══ RECORDS SHOWN
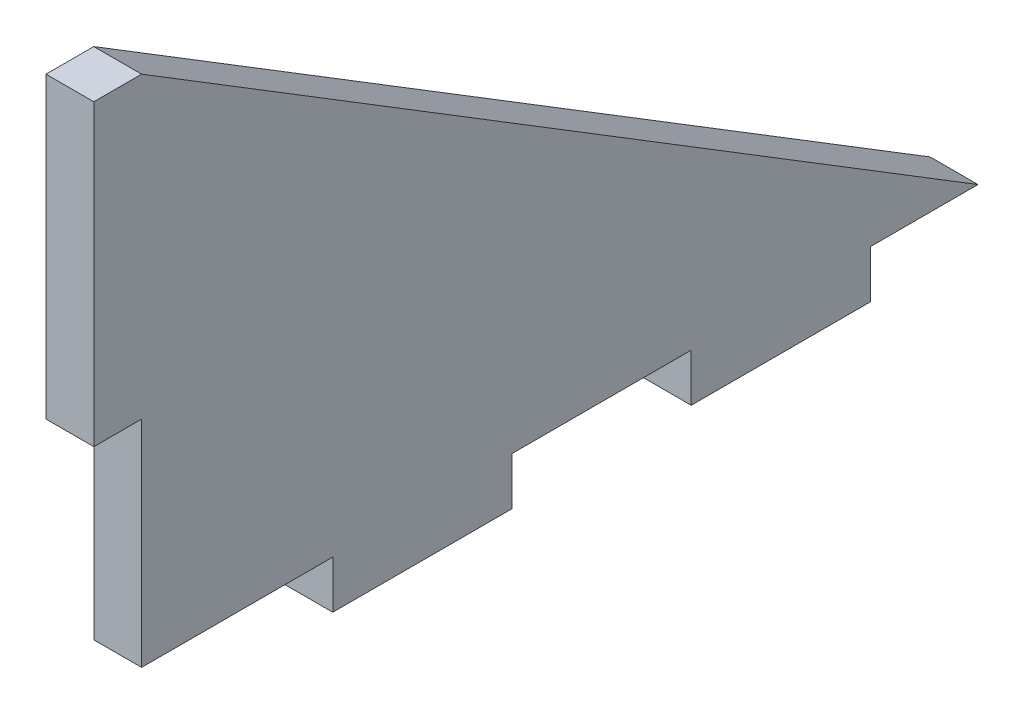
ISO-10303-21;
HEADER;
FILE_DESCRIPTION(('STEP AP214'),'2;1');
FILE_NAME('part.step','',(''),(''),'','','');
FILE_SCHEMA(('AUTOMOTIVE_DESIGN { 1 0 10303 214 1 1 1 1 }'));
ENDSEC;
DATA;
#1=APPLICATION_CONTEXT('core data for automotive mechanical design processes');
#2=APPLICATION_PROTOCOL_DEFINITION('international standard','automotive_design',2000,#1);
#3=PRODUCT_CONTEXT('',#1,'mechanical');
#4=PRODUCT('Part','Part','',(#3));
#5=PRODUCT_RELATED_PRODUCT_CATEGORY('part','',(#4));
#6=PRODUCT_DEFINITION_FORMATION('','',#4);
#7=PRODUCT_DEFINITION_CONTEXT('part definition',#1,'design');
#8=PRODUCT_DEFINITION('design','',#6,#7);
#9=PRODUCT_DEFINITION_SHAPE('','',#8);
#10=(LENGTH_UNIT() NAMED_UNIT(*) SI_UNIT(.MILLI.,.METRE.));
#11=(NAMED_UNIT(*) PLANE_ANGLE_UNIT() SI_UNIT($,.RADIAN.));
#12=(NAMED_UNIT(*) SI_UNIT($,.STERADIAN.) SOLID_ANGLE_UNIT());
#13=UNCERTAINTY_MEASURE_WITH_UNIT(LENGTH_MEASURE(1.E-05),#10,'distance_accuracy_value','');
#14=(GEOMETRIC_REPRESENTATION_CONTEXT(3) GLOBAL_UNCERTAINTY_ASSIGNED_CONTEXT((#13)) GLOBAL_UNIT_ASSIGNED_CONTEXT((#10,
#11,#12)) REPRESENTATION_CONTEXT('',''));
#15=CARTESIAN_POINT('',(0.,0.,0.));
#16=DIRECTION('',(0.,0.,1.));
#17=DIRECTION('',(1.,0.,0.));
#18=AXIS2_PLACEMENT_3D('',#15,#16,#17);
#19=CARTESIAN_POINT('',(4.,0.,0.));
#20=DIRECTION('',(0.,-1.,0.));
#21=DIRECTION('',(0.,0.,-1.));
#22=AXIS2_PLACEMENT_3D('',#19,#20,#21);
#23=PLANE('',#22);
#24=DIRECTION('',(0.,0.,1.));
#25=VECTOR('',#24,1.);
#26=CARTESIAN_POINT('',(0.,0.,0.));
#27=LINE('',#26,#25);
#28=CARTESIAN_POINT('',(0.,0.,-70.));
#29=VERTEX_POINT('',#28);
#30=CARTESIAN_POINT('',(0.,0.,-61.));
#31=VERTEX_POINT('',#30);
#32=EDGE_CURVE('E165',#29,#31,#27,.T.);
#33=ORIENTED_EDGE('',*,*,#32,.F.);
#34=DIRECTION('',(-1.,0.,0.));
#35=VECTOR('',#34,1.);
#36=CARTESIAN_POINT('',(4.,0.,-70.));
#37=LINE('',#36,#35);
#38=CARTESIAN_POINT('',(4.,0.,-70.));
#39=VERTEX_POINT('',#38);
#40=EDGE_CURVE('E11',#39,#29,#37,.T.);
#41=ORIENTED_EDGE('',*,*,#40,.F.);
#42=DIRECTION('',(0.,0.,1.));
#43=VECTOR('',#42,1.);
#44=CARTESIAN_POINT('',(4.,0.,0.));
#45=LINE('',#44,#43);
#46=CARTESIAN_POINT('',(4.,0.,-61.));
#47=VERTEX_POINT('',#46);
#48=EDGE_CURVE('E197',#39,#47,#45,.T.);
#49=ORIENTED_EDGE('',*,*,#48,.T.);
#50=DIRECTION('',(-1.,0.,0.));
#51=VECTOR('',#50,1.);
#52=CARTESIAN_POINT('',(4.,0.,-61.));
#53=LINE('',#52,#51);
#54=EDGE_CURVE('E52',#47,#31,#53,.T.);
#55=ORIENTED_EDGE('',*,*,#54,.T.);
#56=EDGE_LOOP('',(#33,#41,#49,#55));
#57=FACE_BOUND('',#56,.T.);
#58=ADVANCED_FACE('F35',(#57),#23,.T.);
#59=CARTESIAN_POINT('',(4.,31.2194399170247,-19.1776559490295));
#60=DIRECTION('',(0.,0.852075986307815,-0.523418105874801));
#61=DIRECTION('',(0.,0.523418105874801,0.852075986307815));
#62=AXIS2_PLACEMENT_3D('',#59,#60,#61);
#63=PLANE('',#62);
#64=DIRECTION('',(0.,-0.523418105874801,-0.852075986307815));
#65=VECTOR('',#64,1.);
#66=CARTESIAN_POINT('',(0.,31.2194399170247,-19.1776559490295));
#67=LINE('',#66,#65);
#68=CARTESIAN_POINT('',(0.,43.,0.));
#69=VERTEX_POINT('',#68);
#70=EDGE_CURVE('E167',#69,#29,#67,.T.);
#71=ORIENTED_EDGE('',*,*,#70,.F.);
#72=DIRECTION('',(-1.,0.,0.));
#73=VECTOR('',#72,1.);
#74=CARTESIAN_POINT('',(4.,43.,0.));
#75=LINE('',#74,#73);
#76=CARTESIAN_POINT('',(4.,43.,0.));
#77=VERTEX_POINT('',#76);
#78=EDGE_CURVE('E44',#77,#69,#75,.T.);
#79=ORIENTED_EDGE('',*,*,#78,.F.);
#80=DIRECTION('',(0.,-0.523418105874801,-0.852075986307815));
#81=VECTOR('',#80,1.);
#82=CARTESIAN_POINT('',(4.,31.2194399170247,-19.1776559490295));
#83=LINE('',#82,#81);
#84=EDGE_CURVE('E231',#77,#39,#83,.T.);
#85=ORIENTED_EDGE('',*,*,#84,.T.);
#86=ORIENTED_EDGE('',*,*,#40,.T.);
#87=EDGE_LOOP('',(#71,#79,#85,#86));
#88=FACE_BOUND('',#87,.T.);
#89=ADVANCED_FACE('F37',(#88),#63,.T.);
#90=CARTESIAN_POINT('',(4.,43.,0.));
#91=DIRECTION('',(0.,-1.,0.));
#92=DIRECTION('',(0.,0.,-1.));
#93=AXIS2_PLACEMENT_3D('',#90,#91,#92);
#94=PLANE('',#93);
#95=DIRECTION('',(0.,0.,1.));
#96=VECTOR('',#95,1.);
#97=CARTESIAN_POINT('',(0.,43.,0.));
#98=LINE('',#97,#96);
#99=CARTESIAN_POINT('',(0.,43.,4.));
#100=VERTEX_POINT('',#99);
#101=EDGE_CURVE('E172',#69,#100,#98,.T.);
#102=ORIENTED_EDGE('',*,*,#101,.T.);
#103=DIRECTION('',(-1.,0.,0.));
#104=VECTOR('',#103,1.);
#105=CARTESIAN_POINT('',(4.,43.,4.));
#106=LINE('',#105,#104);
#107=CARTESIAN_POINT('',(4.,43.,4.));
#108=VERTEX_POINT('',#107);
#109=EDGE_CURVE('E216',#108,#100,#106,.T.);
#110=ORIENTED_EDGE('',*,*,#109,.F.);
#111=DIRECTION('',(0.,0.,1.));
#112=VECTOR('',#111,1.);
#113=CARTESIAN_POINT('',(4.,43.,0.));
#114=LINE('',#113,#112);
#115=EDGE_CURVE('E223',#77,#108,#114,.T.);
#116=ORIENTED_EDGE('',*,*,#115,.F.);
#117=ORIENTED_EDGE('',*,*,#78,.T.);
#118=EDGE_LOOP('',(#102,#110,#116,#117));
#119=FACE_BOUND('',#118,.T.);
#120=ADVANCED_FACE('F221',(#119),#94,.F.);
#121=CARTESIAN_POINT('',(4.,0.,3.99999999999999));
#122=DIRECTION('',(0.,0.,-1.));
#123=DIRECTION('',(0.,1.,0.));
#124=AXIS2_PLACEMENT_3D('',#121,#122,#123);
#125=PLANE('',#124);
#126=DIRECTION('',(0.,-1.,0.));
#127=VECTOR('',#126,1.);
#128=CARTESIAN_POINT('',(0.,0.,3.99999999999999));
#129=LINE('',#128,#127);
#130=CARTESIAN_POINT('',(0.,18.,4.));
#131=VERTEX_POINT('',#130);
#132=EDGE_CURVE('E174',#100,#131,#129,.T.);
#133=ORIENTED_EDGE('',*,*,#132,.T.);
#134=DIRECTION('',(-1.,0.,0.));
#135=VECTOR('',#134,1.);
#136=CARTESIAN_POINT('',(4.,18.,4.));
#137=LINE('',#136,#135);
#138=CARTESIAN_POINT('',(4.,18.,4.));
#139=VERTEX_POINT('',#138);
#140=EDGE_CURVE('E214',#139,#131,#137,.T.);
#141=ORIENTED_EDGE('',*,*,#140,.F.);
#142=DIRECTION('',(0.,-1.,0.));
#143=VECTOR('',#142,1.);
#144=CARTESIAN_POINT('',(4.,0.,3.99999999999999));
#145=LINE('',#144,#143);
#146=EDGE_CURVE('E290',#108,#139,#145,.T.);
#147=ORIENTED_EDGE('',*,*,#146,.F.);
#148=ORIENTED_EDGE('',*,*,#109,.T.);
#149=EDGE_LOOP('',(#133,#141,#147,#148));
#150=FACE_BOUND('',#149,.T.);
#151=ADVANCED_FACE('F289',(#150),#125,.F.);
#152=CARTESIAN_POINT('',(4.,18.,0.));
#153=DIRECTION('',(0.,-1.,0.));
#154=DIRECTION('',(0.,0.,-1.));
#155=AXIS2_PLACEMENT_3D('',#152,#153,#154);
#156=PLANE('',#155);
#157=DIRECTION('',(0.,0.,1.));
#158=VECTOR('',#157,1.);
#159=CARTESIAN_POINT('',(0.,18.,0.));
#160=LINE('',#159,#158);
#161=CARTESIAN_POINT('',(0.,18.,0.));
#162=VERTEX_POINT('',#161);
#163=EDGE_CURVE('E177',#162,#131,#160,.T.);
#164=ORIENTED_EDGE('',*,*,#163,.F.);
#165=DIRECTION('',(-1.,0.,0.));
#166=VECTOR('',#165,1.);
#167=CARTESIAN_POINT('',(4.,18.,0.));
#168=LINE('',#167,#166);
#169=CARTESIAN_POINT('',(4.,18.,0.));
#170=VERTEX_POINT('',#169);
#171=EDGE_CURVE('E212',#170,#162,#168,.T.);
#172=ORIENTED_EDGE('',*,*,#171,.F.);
════
WHAT YOU SHOULD DO:
The required answer is the exact run of lines above starting at the line with "#56=EDGE_LOOP('',(#33,#41,#49,#55));" and ending at the line with "#69=VERTEX_POINT('',#68);", with both ends present.

ANSWER FOR THE TASK:
#56=EDGE_LOOP('',(#33,#41,#49,#55));
#57=FACE_BOUND('',#56,.T.);
#58=ADVANCED_FACE('F35',(#57),#23,.T.);
#59=CARTESIAN_POINT('',(4.,31.2194399170247,-19.1776559490295));
#60=DIRECTION('',(0.,0.852075986307815,-0.523418105874801));
#61=DIRECTION('',(0.,0.523418105874801,0.852075986307815));
#62=AXIS2_PLACEMENT_3D('',#59,#60,#61);
#63=PLANE('',#62);
#64=DIRECTION('',(0.,-0.523418105874801,-0.852075986307815));
#65=VECTOR('',#64,1.);
#66=CARTESIAN_POINT('',(0.,31.2194399170247,-19.1776559490295));
#67=LINE('',#66,#65);
#68=CARTESIAN_POINT('',(0.,43.,0.));
#69=VERTEX_POINT('',#68);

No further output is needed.